YOUR INSTRUCTIONS
From the opening line of the records through the line bearing "Switch_11 = 1", set down every line exactly.

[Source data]
......

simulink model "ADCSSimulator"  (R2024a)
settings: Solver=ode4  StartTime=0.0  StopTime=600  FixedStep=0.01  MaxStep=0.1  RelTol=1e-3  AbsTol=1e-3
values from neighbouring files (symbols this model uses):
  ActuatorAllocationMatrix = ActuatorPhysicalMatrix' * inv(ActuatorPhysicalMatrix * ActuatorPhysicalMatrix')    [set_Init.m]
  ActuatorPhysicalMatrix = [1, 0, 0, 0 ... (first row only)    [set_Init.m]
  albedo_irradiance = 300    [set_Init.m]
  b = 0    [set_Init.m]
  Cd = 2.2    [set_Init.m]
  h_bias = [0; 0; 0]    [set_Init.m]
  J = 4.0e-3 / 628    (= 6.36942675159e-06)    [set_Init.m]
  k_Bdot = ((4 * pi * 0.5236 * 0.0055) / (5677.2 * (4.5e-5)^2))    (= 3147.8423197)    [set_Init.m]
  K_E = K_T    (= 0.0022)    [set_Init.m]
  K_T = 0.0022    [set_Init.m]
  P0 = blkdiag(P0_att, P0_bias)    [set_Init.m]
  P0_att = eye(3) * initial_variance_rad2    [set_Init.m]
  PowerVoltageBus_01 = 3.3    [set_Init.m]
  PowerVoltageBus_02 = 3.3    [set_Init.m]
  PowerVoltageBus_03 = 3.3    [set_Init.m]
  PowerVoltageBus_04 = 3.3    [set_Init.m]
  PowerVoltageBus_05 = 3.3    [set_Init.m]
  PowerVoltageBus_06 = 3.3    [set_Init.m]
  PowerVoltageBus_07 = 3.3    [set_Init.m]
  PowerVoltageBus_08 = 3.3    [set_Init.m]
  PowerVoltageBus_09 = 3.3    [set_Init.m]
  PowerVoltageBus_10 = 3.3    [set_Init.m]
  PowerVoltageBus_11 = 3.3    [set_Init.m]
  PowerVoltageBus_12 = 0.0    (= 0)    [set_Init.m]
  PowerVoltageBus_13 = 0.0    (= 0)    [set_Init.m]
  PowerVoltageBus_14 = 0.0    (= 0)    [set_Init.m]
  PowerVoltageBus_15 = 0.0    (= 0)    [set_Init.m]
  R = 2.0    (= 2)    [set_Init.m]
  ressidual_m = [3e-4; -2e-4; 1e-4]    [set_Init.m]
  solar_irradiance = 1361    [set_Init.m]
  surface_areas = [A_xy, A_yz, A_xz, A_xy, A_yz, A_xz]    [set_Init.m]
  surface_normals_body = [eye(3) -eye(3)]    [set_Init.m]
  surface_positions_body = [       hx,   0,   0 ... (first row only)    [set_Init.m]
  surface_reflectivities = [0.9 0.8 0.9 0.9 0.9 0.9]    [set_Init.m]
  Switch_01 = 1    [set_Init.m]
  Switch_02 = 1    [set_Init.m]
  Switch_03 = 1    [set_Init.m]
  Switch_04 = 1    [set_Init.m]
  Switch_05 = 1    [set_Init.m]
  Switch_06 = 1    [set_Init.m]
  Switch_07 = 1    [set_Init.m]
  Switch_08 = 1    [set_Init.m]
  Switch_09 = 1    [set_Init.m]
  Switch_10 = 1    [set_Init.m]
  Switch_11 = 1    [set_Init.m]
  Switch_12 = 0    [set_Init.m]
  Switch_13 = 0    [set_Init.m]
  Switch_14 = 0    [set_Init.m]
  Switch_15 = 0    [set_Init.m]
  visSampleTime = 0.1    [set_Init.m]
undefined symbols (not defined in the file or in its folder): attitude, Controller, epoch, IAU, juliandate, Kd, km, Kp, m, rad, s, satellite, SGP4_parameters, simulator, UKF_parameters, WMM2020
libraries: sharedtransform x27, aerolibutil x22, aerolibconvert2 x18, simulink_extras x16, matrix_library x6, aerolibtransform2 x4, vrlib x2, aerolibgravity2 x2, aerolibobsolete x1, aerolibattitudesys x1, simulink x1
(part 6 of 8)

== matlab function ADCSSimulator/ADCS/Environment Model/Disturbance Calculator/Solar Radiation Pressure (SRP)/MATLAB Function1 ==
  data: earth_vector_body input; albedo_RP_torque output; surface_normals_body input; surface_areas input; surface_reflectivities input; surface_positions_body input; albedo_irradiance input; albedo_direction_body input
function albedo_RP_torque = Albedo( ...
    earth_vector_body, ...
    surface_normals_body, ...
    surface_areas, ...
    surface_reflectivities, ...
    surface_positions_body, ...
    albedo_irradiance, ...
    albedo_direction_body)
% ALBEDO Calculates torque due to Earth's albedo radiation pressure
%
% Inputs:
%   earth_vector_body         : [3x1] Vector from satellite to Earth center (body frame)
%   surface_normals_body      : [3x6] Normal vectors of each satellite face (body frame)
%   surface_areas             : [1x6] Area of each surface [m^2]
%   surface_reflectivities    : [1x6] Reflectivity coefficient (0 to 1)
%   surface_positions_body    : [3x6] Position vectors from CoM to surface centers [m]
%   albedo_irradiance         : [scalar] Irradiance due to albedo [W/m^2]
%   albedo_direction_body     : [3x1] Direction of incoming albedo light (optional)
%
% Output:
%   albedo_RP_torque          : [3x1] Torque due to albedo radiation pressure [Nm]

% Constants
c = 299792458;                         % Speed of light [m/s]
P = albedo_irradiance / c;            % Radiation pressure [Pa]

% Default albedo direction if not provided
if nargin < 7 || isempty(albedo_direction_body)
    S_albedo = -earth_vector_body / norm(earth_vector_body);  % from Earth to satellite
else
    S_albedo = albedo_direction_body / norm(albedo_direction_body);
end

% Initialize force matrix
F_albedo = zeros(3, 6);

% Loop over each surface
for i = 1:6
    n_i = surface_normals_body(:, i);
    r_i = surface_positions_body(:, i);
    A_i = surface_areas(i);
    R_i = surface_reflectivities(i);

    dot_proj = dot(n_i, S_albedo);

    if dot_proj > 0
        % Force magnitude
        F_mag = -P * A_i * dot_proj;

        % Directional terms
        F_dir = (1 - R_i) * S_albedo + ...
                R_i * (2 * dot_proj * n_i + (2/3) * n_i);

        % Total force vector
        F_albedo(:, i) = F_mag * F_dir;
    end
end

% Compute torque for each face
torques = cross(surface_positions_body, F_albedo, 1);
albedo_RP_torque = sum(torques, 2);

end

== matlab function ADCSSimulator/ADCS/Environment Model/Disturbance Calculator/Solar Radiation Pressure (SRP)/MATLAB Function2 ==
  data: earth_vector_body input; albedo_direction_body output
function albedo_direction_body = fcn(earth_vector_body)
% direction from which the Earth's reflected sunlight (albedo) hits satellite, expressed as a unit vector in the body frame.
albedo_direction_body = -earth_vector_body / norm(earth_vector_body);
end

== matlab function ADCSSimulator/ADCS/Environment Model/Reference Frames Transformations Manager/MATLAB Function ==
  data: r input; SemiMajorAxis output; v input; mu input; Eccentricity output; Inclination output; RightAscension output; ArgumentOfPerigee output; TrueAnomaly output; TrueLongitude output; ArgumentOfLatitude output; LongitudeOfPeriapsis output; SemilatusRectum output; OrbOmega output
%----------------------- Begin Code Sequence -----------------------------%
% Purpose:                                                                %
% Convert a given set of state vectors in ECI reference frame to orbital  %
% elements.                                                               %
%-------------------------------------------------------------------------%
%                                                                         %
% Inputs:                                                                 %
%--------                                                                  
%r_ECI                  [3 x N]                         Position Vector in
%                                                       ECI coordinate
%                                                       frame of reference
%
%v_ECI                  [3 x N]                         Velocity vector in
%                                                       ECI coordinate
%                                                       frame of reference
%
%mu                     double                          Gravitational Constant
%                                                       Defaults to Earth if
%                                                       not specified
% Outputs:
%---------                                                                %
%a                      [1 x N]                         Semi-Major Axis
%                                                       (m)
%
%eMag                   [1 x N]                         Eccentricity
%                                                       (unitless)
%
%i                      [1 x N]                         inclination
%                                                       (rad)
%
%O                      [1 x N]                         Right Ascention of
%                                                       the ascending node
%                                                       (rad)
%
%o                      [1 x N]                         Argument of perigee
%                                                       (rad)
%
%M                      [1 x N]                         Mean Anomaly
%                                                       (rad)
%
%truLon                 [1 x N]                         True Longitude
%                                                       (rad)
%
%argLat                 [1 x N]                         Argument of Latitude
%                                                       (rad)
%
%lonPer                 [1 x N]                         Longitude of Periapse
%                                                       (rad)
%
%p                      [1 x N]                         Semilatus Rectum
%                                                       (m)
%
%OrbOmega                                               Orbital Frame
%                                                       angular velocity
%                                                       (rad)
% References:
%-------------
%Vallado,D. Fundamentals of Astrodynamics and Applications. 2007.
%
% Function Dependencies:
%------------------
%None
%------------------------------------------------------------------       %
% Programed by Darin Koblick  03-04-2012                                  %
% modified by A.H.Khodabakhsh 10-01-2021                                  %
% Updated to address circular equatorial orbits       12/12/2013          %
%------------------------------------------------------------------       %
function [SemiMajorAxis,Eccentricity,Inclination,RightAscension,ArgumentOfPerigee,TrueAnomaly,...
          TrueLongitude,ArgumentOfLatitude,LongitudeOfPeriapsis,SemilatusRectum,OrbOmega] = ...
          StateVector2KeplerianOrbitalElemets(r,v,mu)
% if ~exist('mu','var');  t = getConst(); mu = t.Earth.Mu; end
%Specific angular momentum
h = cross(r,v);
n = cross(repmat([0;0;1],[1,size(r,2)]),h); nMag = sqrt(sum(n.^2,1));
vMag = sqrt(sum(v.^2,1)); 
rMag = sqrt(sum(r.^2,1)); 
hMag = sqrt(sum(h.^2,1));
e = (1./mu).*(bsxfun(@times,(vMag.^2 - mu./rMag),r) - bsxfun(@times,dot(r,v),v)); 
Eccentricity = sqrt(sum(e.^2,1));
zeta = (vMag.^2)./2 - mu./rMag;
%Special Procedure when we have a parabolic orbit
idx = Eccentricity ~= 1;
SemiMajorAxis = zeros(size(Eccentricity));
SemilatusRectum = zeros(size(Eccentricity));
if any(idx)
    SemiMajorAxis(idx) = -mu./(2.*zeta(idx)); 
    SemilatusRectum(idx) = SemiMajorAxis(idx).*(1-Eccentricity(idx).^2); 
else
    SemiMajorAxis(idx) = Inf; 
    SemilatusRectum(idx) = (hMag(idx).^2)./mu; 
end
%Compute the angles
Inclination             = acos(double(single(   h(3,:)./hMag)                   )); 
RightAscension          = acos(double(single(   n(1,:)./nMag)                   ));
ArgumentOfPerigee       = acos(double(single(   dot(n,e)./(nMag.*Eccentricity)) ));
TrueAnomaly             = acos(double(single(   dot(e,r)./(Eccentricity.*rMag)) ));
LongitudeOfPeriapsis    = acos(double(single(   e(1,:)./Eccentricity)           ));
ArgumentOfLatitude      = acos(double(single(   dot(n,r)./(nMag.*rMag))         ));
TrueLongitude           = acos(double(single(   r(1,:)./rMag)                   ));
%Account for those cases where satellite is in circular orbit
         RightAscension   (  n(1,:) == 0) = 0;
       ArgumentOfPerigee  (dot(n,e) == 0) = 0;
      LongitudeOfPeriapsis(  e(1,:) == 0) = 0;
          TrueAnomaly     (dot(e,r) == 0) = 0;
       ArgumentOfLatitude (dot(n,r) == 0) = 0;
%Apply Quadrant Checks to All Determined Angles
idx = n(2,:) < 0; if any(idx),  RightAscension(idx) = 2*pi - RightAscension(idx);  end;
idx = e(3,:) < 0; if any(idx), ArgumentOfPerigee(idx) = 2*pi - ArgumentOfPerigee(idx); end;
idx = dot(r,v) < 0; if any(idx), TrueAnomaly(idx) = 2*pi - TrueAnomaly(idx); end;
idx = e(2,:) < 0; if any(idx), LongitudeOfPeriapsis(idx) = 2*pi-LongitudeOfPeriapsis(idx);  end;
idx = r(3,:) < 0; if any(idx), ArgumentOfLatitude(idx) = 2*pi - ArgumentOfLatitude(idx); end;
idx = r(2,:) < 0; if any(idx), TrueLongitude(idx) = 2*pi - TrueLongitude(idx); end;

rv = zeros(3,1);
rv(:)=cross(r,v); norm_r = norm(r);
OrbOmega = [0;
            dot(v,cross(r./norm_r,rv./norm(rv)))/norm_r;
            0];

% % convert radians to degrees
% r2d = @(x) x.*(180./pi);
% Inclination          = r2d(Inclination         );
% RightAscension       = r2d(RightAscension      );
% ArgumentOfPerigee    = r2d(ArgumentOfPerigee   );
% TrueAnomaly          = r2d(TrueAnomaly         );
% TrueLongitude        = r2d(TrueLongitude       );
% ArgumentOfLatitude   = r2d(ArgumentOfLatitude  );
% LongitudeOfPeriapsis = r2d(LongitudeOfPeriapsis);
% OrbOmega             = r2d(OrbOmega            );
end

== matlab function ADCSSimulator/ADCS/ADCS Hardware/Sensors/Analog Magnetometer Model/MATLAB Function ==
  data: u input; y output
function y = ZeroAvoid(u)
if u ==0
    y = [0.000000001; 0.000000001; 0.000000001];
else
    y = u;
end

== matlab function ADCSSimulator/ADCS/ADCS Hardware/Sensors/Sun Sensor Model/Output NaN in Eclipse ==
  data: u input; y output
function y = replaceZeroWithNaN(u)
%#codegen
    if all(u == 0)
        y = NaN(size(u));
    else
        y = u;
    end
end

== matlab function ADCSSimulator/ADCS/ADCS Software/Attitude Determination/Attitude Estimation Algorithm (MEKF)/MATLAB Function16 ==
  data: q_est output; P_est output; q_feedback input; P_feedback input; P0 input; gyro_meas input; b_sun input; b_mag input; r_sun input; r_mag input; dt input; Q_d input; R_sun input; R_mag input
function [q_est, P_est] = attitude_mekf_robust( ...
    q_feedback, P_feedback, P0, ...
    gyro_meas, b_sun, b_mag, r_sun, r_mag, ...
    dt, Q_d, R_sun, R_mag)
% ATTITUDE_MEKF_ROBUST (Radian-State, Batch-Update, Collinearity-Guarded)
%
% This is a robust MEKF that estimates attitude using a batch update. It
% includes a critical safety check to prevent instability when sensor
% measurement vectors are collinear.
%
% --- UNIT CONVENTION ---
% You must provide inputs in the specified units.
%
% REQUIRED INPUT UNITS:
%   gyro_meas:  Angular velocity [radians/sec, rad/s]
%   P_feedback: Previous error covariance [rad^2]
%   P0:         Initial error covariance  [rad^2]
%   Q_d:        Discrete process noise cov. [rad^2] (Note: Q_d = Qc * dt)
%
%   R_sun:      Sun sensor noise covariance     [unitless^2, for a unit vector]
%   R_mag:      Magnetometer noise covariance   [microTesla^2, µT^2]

......

WRITTEN RESPONSE
simulink model "ADCSSimulator"  (R2024a)
settings: Solver=ode4  StartTime=0.0  StopTime=600  FixedStep=0.01  MaxStep=0.1  RelTol=1e-3  AbsTol=1e-3
values from neighbouring files (symbols this model uses):
  ActuatorAllocationMatrix = ActuatorPhysicalMatrix' * inv(ActuatorPhysicalMatrix * ActuatorPhysicalMatrix')    [set_Init.m]
  ActuatorPhysicalMatrix = [1, 0, 0, 0 ... (first row only)    [set_Init.m]
  albedo_irradiance = 300    [set_Init.m]
  b = 0    [set_Init.m]
  Cd = 2.2    [set_Init.m]
  h_bias = [0; 0; 0]    [set_Init.m]
  J = 4.0e-3 / 628    (= 6.36942675159e-06)    [set_Init.m]
  k_Bdot = ((4 * pi * 0.5236 * 0.0055) / (5677.2 * (4.5e-5)^2))    (= 3147.8423197)    [set_Init.m]
  K_E = K_T    (= 0.0022)    [set_Init.m]
  K_T = 0.0022    [set_Init.m]
  P0 = blkdiag(P0_att, P0_bias)    [set_Init.m]
  P0_att = eye(3) * initial_variance_rad2    [set_Init.m]
  PowerVoltageBus_01 = 3.3    [set_Init.m]
  PowerVoltageBus_02 = 3.3    [set_Init.m]
  PowerVoltageBus_03 = 3.3    [set_Init.m]
  PowerVoltageBus_04 = 3.3    [set_Init.m]
  PowerVoltageBus_05 = 3.3    [set_Init.m]
  PowerVoltageBus_06 = 3.3    [set_Init.m]
  PowerVoltageBus_07 = 3.3    [set_Init.m]
  PowerVoltageBus_08 = 3.3    [set_Init.m]
  PowerVoltageBus_09 = 3.3    [set_Init.m]
  PowerVoltageBus_10 = 3.3    [set_Init.m]
  PowerVoltageBus_11 = 3.3    [set_Init.m]
  PowerVoltageBus_12 = 0.0    (= 0)    [set_Init.m]
  PowerVoltageBus_13 = 0.0    (= 0)    [set_Init.m]
  PowerVoltageBus_14 = 0.0    (= 0)    [set_Init.m]
  PowerVoltageBus_15 = 0.0    (= 0)    [set_Init.m]
  R = 2.0    (= 2)    [set_Init.m]
  ressidual_m = [3e-4; -2e-4; 1e-4]    [set_Init.m]
  solar_irradiance = 1361    [set_Init.m]
  surface_areas = [A_xy, A_yz, A_xz, A_xy, A_yz, A_xz]    [set_Init.m]
  surface_normals_body = [eye(3) -eye(3)]    [set_Init.m]
  surface_positions_body = [       hx,   0,   0 ... (first row only)    [set_Init.m]
  surface_reflectivities = [0.9 0.8 0.9 0.9 0.9 0.9]    [set_Init.m]
  Switch_01 = 1    [set_Init.m]
  Switch_02 = 1    [set_Init.m]
  Switch_03 = 1    [set_Init.m]
  Switch_04 = 1    [set_Init.m]
  Switch_05 = 1    [set_Init.m]
  Switch_06 = 1    [set_Init.m]
  Switch_07 = 1    [set_Init.m]
  Switch_08 = 1    [set_Init.m]
  Switch_09 = 1    [set_Init.m]
  Switch_10 = 1    [set_Init.m]
  Switch_11 = 1    [set_Init.m]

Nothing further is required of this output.